Hello again my enthusiastic Alkaline eaters!
It has been 3 weeks since I have touched my keyboard I think the expression is AFK. Well life has taken over, literally. My home has been filled with the activity of the New and New life. A beautiful and tiny grand-daughter born on the 14th of July, a new home searched and found for the proud new family (my son, daughter-in-law and grand daughter), renovations starting on a new more functional kitchen! My home has been bursting with sweet newborn cries, food at all hours, abundant baby gazing and cuddling and many happy family visitors.
So I thought it appropriate to cover a little on the topic of Sprouts!
To sprout chick peas place a cup of the chick peas in a wide necked jar. Wash 3 or 4 times then cover with water and allow to stand overnight in a dark place. In the morning drain, place a gauze cover held in place with a rubber band, over the jar. Rinse the chick peas (in the Jar) with water 2-3 times, drain well and sit the jar at an angle to drain (as seen above). Again place the jar in a dark place, washing the contents 2-3 times a day . After a day or so I place mine on the window sill to continue to sprout. They only take 2- 3 days.(all you need is a little shoot and they are ready)

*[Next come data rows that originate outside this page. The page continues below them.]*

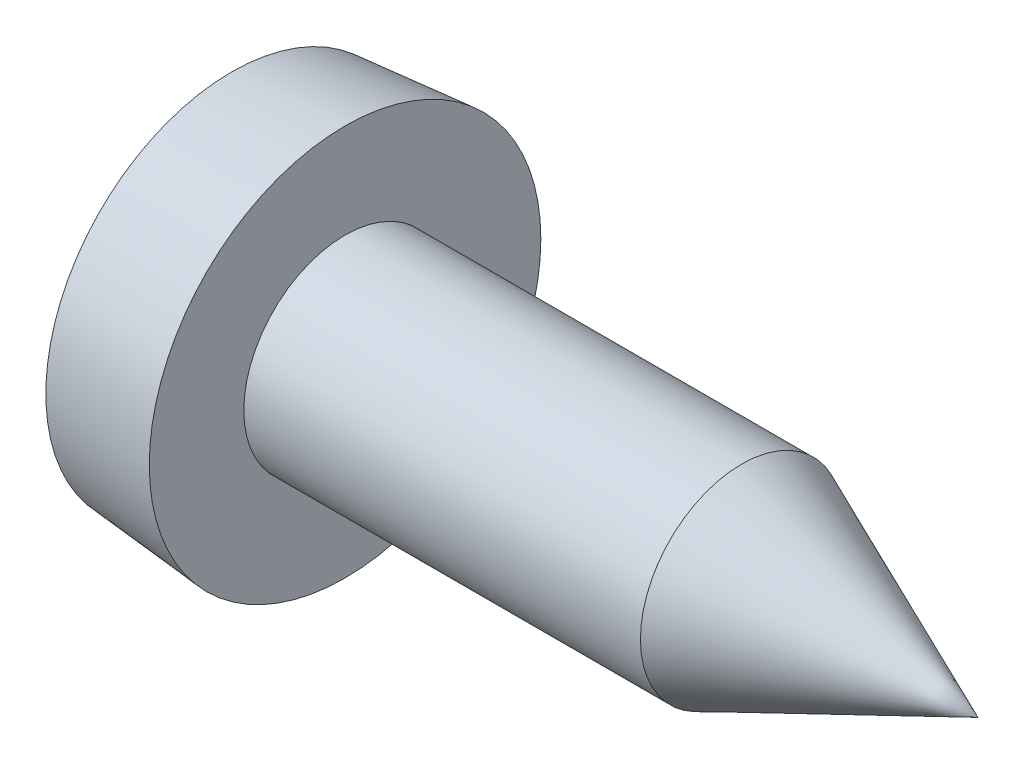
ISO-10303-21;
HEADER;
FILE_DESCRIPTION(('STEP AP214'),'2;1');
FILE_NAME('part.step','',(''),(''),'','','');
FILE_SCHEMA(('AUTOMOTIVE_DESIGN { 1 0 10303 214 1 1 1 1 }'));
ENDSEC;
DATA;
#1=APPLICATION_CONTEXT('core data for automotive mechanical design processes');
#2=APPLICATION_PROTOCOL_DEFINITION('international standard','automotive_design',2000,#1);
#3=PRODUCT_CONTEXT('',#1,'mechanical');
#4=PRODUCT('Part','Part','',(#3));
#5=PRODUCT_RELATED_PRODUCT_CATEGORY('part','',(#4));
#6=PRODUCT_DEFINITION_FORMATION('','',#4);
#7=PRODUCT_DEFINITION_CONTEXT('part definition',#1,'design');
#8=PRODUCT_DEFINITION('design','',#6,#7);
#9=PRODUCT_DEFINITION_SHAPE('','',#8);
#10=(LENGTH_UNIT() NAMED_UNIT(*) SI_UNIT(.MILLI.,.METRE.));
#11=(NAMED_UNIT(*) PLANE_ANGLE_UNIT() SI_UNIT($,.RADIAN.));
#12=(NAMED_UNIT(*) SI_UNIT($,.STERADIAN.) SOLID_ANGLE_UNIT());
#13=UNCERTAINTY_MEASURE_WITH_UNIT(LENGTH_MEASURE(1.E-05),#10,'distance_accuracy_value','');
#14=(GEOMETRIC_REPRESENTATION_CONTEXT(3) GLOBAL_UNCERTAINTY_ASSIGNED_CONTEXT((#13)) GLOBAL_UNIT_ASSIGNED_CONTEXT((#10,
#11,#12)) REPRESENTATION_CONTEXT('',''));
#15=CARTESIAN_POINT('',(0.,0.,0.));
#16=DIRECTION('',(0.,0.,1.));
#17=DIRECTION('',(1.,0.,0.));
#18=AXIS2_PLACEMENT_3D('',#15,#16,#17);
#19=CARTESIAN_POINT('',(-0.385297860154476,0.,0.));
#20=DIRECTION('',(-1.,0.,0.));
#21=DIRECTION('',(0.,0.,1.));
#22=AXIS2_PLACEMENT_3D('',#19,#20,#21);
#23=CONICAL_SURFACE('',#22,0.485787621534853,0.462512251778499);
#24=CARTESIAN_POINT('',(-0.385297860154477,0.,0.));
#25=DIRECTION('',(-1.,0.,0.));
#26=DIRECTION('',(0.,1.,0.));
#27=AXIS2_PLACEMENT_3D('',#24,#25,#26);
#28=CIRCLE('',#27,0.485787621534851);
#29=CARTESIAN_POINT('',(-0.385297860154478,-0.477080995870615,-0.0915605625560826));
#30=VERTEX_POINT('',#29);
#31=CARTESIAN_POINT('',(-0.385297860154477,-0.477080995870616,0.0915605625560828));
#32=VERTEX_POINT('',#31);
#33=EDGE_CURVE('E515',#30,#32,#28,.T.);
#34=ORIENTED_EDGE('',*,*,#33,.F.);
#35=CARTESIAN_POINT('',(-0.985192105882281,-0.770063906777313,-0.151803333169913));
#36=CARTESIAN_POINT('',(-0.885209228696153,-0.721234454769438,-0.141762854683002));
#37=CARTESIAN_POINT('',(-0.785226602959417,-0.672404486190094,-0.131722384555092));
#38=CARTESIAN_POINT('',(-0.585261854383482,-0.574743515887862,-0.111641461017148));
#39=CARTESIAN_POINT('',(-0.485279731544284,-0.525912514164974,-0.101601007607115));
#40=CARTESIAN_POINT('',(-0.385297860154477,-0.477080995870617,-0.0915605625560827));
#41=B_SPLINE_CURVE_WITH_KNOTS('',3,(#35,#36,#37,#38,#39,#40),.UNSPECIFIED.,.F.,.F.,(4,2,4),(0.,
0.33516461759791,0.670329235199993),.UNSPECIFIED.);
#42=CARTESIAN_POINT('',(-0.985192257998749,-0.77006398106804,-0.15180334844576));
#43=VERTEX_POINT('',#42);
#44=EDGE_CURVE('E405',#43,#30,#41,.T.);
#45=ORIENTED_EDGE('',*,*,#44,.F.);
#46=CARTESIAN_POINT('',(-0.985192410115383,0.,0.));
#47=DIRECTION('',(-1.,0.,0.));
#48=DIRECTION('',(0.,0.,-1.));
#49=AXIS2_PLACEMENT_3D('',#46,#47,#48);
#50=CIRCLE('',#49,0.78488401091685);
#51=CARTESIAN_POINT('',(-0.985192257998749,-0.77006398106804,0.15180334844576));
#52=VERTEX_POINT('',#51);
#53=EDGE_CURVE('E398',#52,#43,#50,.F.);
#54=ORIENTED_EDGE('',*,*,#53,.F.);
#55=CARTESIAN_POINT('',(-0.385297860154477,-0.477080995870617,0.0915605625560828));
#56=CARTESIAN_POINT('',(-0.485279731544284,-0.525912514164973,0.101601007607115));
#57=CARTESIAN_POINT('',(-0.585261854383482,-0.574743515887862,0.111641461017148));
#58=CARTESIAN_POINT('',(-0.785226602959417,-0.672404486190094,0.131722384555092));
#59=CARTESIAN_POINT('',(-0.885209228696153,-0.721234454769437,0.141762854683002));
#60=CARTESIAN_POINT('',(-0.985192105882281,-0.770063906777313,0.151803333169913));
#61=B_SPLINE_CURVE_WITH_KNOTS('',3,(#55,#56,#57,#58,#59,#60),.UNSPECIFIED.,.F.,.F.,(4,2,4),(0.,
0.335164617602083,0.670329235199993),.UNSPECIFIED.);
#62=EDGE_CURVE('E385',#32,#52,#61,.T.);
#63=ORIENTED_EDGE('',*,*,#62,.F.);
#64=EDGE_LOOP('',(#34,#45,#54,#63));
#65=FACE_BOUND('',#64,.T.);
#66=ADVANCED_FACE('F17',(#65),#23,.F.);
#67=CARTESIAN_POINT('',(-0.385297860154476,0.,0.));
#68=DIRECTION('',(-1.,0.,0.));
#69=DIRECTION('',(0.,0.,1.));
#70=AXIS2_PLACEMENT_3D('',#67,#68,#69);
#71=CONICAL_SURFACE('',#70,0.485787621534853,0.462512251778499);
#72=CARTESIAN_POINT('',(-0.385297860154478,0.,0.));
#73=DIRECTION('',(-1.,0.,0.));
#74=DIRECTION('',(0.,1.,0.));
#75=AXIS2_PLACEMENT_3D('',#72,#73,#74);
#76=CIRCLE('',#75,0.485787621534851);
#77=CARTESIAN_POINT('',(-0.385297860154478,0.0915605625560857,-0.477080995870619));
#78=VERTEX_POINT('',#77);
#79=CARTESIAN_POINT('',(-0.385297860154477,-0.0915605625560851,-0.477080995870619));
#80=VERTEX_POINT('',#79);
#81=EDGE_CURVE('E518',#78,#80,#76,.T.);
#82=ORIENTED_EDGE('',*,*,#81,.F.);
#83=CARTESIAN_POINT('',(-0.985192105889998,0.151803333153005,-0.770063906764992));
#84=CARTESIAN_POINT('',(-0.885209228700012,0.141762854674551,-0.721234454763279));
#85=CARTESIAN_POINT('',(-0.785226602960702,0.131722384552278,-0.672404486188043));
#86=CARTESIAN_POINT('',(-0.585261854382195,0.111641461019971,-0.57474351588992));
#87=CARTESIAN_POINT('',(-0.485279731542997,0.101601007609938,-0.525912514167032));
#88=CARTESIAN_POINT('',(-0.385297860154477,0.0915605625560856,-0.477080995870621));
#89=B_SPLINE_CURVE_WITH_KNOTS('',3,(#83,#84,#85,#86,#87,#88),.UNSPECIFIED.,.F.,.F.,(4,2,4),(0.,
0.33516461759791,0.670329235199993),.UNSPECIFIED.);
#90=CARTESIAN_POINT('',(-0.985192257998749,0.151803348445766,-0.770063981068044));
#91=VERTEX_POINT('',#90);
#92=EDGE_CURVE('E466',#91,#78,#89,.T.);
#93=ORIENTED_EDGE('',*,*,#92,.F.);
#94=CARTESIAN_POINT('',(-0.985192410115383,0.,0.));
#95=DIRECTION('',(-1.,0.,0.));
#96=DIRECTION('',(0.,0.,-1.));
#97=AXIS2_PLACEMENT_3D('',#94,#95,#96);
#98=CIRCLE('',#97,0.784884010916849);
#99=CARTESIAN_POINT('',(-0.985192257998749,-0.151803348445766,-0.770063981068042));
#100=VERTEX_POINT('',#99);
#101=EDGE_CURVE('E459',#100,#91,#98,.F.);
#102=ORIENTED_EDGE('',*,*,#101,.F.);
#103=CARTESIAN_POINT('',(-0.385297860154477,-0.0915605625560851,-0.47708099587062));
#104=CARTESIAN_POINT('',(-0.485279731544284,-0.101601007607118,-0.525912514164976));
#105=CARTESIAN_POINT('',(-0.585261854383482,-0.111641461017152,-0.574743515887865));
#106=CARTESIAN_POINT('',(-0.785226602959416,-0.131722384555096,-0.672404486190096));
#107=CARTESIAN_POINT('',(-0.885209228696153,-0.141762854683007,-0.72123445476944));
#108=CARTESIAN_POINT('',(-0.985192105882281,-0.151803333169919,-0.770063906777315));
#109=B_SPLINE_CURVE_WITH_KNOTS('',3,(#103,#104,#105,#106,#107,#108),.UNSPECIFIED.,.F.,.F.,(4,2,
4),(0.,0.335164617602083,0.670329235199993),.UNSPECIFIED.);
#110=EDGE_CURVE('E437',#80,#100,#109,.T.);
#111=ORIENTED_EDGE('',*,*,#110,.F.);
#112=EDGE_LOOP('',(#82,#93,#102,#111));
#113=FACE_BOUND('',#112,.T.);
#114=ADVANCED_FACE('F249',(#113),#71,.F.);
#115=CARTESIAN_POINT('',(-0.385297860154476,0.,0.));
#116=DIRECTION('',(-1.,0.,0.));
#117=DIRECTION('',(0.,0.,1.));
#118=AXIS2_PLACEMENT_3D('',#115,#116,#117);
#119=CONICAL_SURFACE('',#118,0.485787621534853,0.462512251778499);
#120=CARTESIAN_POINT('',(-0.385297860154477,0.,0.));
#121=DIRECTION('',(-1.,0.,0.));
#122=DIRECTION('',(0.,1.,0.));
#123=AXIS2_PLACEMENT_3D('',#120,#121,#122);
#124=CIRCLE('',#123,0.485787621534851);
#125=CARTESIAN_POINT('',(-0.385297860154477,0.477080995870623,0.091560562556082));
#126=VERTEX_POINT('',#125);
#127=CARTESIAN_POINT('',(-0.385297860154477,0.477080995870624,-0.0915605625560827));
#128=VERTEX_POINT('',#127);
#129=EDGE_CURVE('E516',#126,#128,#124,.T.);
#130=ORIENTED_EDGE('',*,*,#129,.F.);
#131=CARTESIAN_POINT('',(-0.985192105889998,0.770063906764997,0.151803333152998));
#132=CARTESIAN_POINT('',(-0.885209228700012,0.721234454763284,0.141762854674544));
#133=CARTESIAN_POINT('',(-0.785226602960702,0.672404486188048,0.131722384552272));
#134=CARTESIAN_POINT('',(-0.585261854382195,0.574743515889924,0.111641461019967));
#135=CARTESIAN_POINT('',(-0.485279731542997,0.525912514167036,0.101601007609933));
#136=CARTESIAN_POINT('',(-0.385297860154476,0.477080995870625,0.0915605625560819));
#137=B_SPLINE_CURVE_WITH_KNOTS('',3,(#131,#132,#133,#134,#135,#136),.UNSPECIFIED.,.F.,.F.,(4,2,
4),(0.,0.33516461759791,0.670329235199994),.UNSPECIFIED.);
#138=CARTESIAN_POINT('',(-0.985192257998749,0.770063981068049,0.151803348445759));
#139=VERTEX_POINT('',#138);
#140=EDGE_CURVE('E254',#139,#126,#137,.T.);
#141=ORIENTED_EDGE('',*,*,#140,.F.);
#142=CARTESIAN_POINT('',(-0.985192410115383,0.,0.));
#143=DIRECTION('',(-1.,0.,0.));
#144=DIRECTION('',(0.,0.,-1.));
#145=AXIS2_PLACEMENT_3D('',#142,#143,#144);
#146=CIRCLE('',#145,0.784884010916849);
#147=CARTESIAN_POINT('',(-0.985192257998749,0.770063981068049,-0.15180334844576));
#148=VERTEX_POINT('',#147);
#149=EDGE_CURVE('E204',#148,#139,#146,.F.);
#150=ORIENTED_EDGE('',*,*,#149,.F.);
#151=CARTESIAN_POINT('',(-0.385297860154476,0.477080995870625,-0.0915605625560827));
#152=CARTESIAN_POINT('',(-0.485279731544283,0.525912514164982,-0.101601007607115));
#153=CARTESIAN_POINT('',(-0.585261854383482,0.57474351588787,-0.111641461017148));
#154=CARTESIAN_POINT('',(-0.785226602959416,0.672404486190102,-0.131722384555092));
#155=CARTESIAN_POINT('',(-0.885209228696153,0.721234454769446,-0.141762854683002));
#156=CARTESIAN_POINT('',(-0.985192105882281,0.770063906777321,-0.151803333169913));
#157=B_SPLINE_CURVE_WITH_KNOTS('',3,(#151,#152,#153,#154,#155,#156),.UNSPECIFIED.,.F.,.F.,(4,2,
4),(0.,0.335164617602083,0.670329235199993),.UNSPECIFIED.);
#158=EDGE_CURVE('E233',#128,#148,#157,.T.);
#159=ORIENTED_EDGE('',*,*,#158,.F.);
#160=EDGE_LOOP('',(#130,#141,#150,#159));
#161=FACE_BOUND('',#160,.T.);
#162=ADVANCED_FACE('F245',(#161),#119,.F.);
#163=CARTESIAN_POINT('',(-0.126999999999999,0.,0.));
#164=DIRECTION('',(-1.,0.,0.));
#165=DIRECTION('',(0.,0.,1.));
#166=AXIS2_PLACEMENT_3D('',#163,#164,#165);
#167=CONICAL_SURFACE('',#166,0.,1.08210413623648);
#168=CARTESIAN_POINT('',(-0.126999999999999,0.,0.));
#169=VERTEX_POINT('',#168);
#170=VERTEX_LOOP('',#169);
#171=FACE_BOUND('',#170,.T.);
#172=CARTESIAN_POINT('',(-0.270652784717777,0.0757739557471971,0.259327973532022));
#173=CARTESIAN_POINT('',(-0.280133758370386,0.0770841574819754,0.277512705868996));
#174=CARTESIAN_POINT('',(-0.289642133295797,0.0783963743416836,0.295682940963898));
#175=CARTESIAN_POINT('',(-0.308699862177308,0.0810238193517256,0.332001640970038));
#176=CARTESIAN_POINT('',(-0.318249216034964,0.0823390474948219,0.350150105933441));
#177=CARTESIAN_POINT('',(-0.346938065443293,0.086287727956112,0.404573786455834));
#178=CARTESIAN_POINT('',(-0.366118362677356,0.0889241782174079,0.440827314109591));
#179=CARTESIAN_POINT('',(-0.385297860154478,0.0915605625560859,0.47708099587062));
#180=B_SPLINE_CURVE_WITH_KNOTS('',3,(#172,#173,#174,#175,#176,#177,#178,#179),.UNSPECIFIED.,.F.,
.F.,(4,2,2,4),(0.,0.0616489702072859,0.123297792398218,0.246595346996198),.UNSPECIFIED.);
#181=CARTESIAN_POINT('',(-0.270652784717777,0.0757739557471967,0.259327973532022));
#182=VERTEX_POINT('',#181);
#183=CARTESIAN_POINT('',(-0.385297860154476,0.0915605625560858,0.477080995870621));
#184=VERTEX_POINT('',#183);
#185=EDGE_CURVE('E196',#182,#184,#180,.T.);
#186=ORIENTED_EDGE('',*,*,#185,.F.);
#187=CARTESIAN_POINT('',(-0.270652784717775,0.259327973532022,0.0757739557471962));
#188=CARTESIAN_POINT('',(-0.265106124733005,0.248614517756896,0.0750098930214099));
#189=CARTESIAN_POINT('',(-0.259579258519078,0.237758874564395,0.0752023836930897));
#190=CARTESIAN_POINT('',(-0.248964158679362,0.215907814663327,0.0776566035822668));
#191=CARTESIAN_POINT('',(-0.24388214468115,0.204912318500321,0.0799437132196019));
#192=CARTESIAN_POINT('',(-0.23627651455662,0.186900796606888,0.0856067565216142));
#193=CARTESIAN_POINT('',(-0.233471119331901,0.179805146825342,0.0883463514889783));
#194=CARTESIAN_POINT('',(-0.228547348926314,0.165875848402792,0.0948538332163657));
#195=CARTESIAN_POINT('',(-0.226426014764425,0.159041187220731,0.0986171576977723));
#196=CARTESIAN_POINT('',(-0.223409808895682,0.146878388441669,0.106491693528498));
#197=CARTESIAN_POINT('',(-0.222371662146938,0.141485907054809,0.110447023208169));
#198=CARTESIAN_POINT('',(-0.221112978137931,0.131162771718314,0.119033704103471));
#199=CARTESIAN_POINT('',(-0.220891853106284,0.12623178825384,0.123664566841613));
#200=CARTESIAN_POINT('',(-0.221302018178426,0.116988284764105,0.133470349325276));
#201=CARTESIAN_POINT('',(-0.22193320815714,0.112675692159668,0.138645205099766));
#202=CARTESIAN_POINT('',(-0.223950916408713,0.104760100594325,0.149377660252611));
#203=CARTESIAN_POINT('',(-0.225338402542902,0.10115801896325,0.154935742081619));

SPROUTED HUMMUS: A recipe:
2 cups sprouted chick peas (organic)
1 cup toasted sesame seeds (organic and unhulled if possible)
1 or 2 umeboshi plums (refer to the benefits bellow)
1 or 2 cloves garlic
1 1/2 dessertspoons organic unhulled tahini
2 lemons squeezed
1 cup of best quality water or more as needed
Place all the ingredients in a blender or food processor adding the water a little at a time (more than 1 cup may be needed) until all well blended.
Because I like to use more of the whole sesame seeds and less of the tahini I prefer it a little chunky in texture and not completely smooth. Also using the whole sesame seeds and less of the paste is less processed and more healthful.
Delicious served with or over your favourite high nutrient dense salad and makes a complete meal. Great to take for work instead of bought low nutrient dense lunches.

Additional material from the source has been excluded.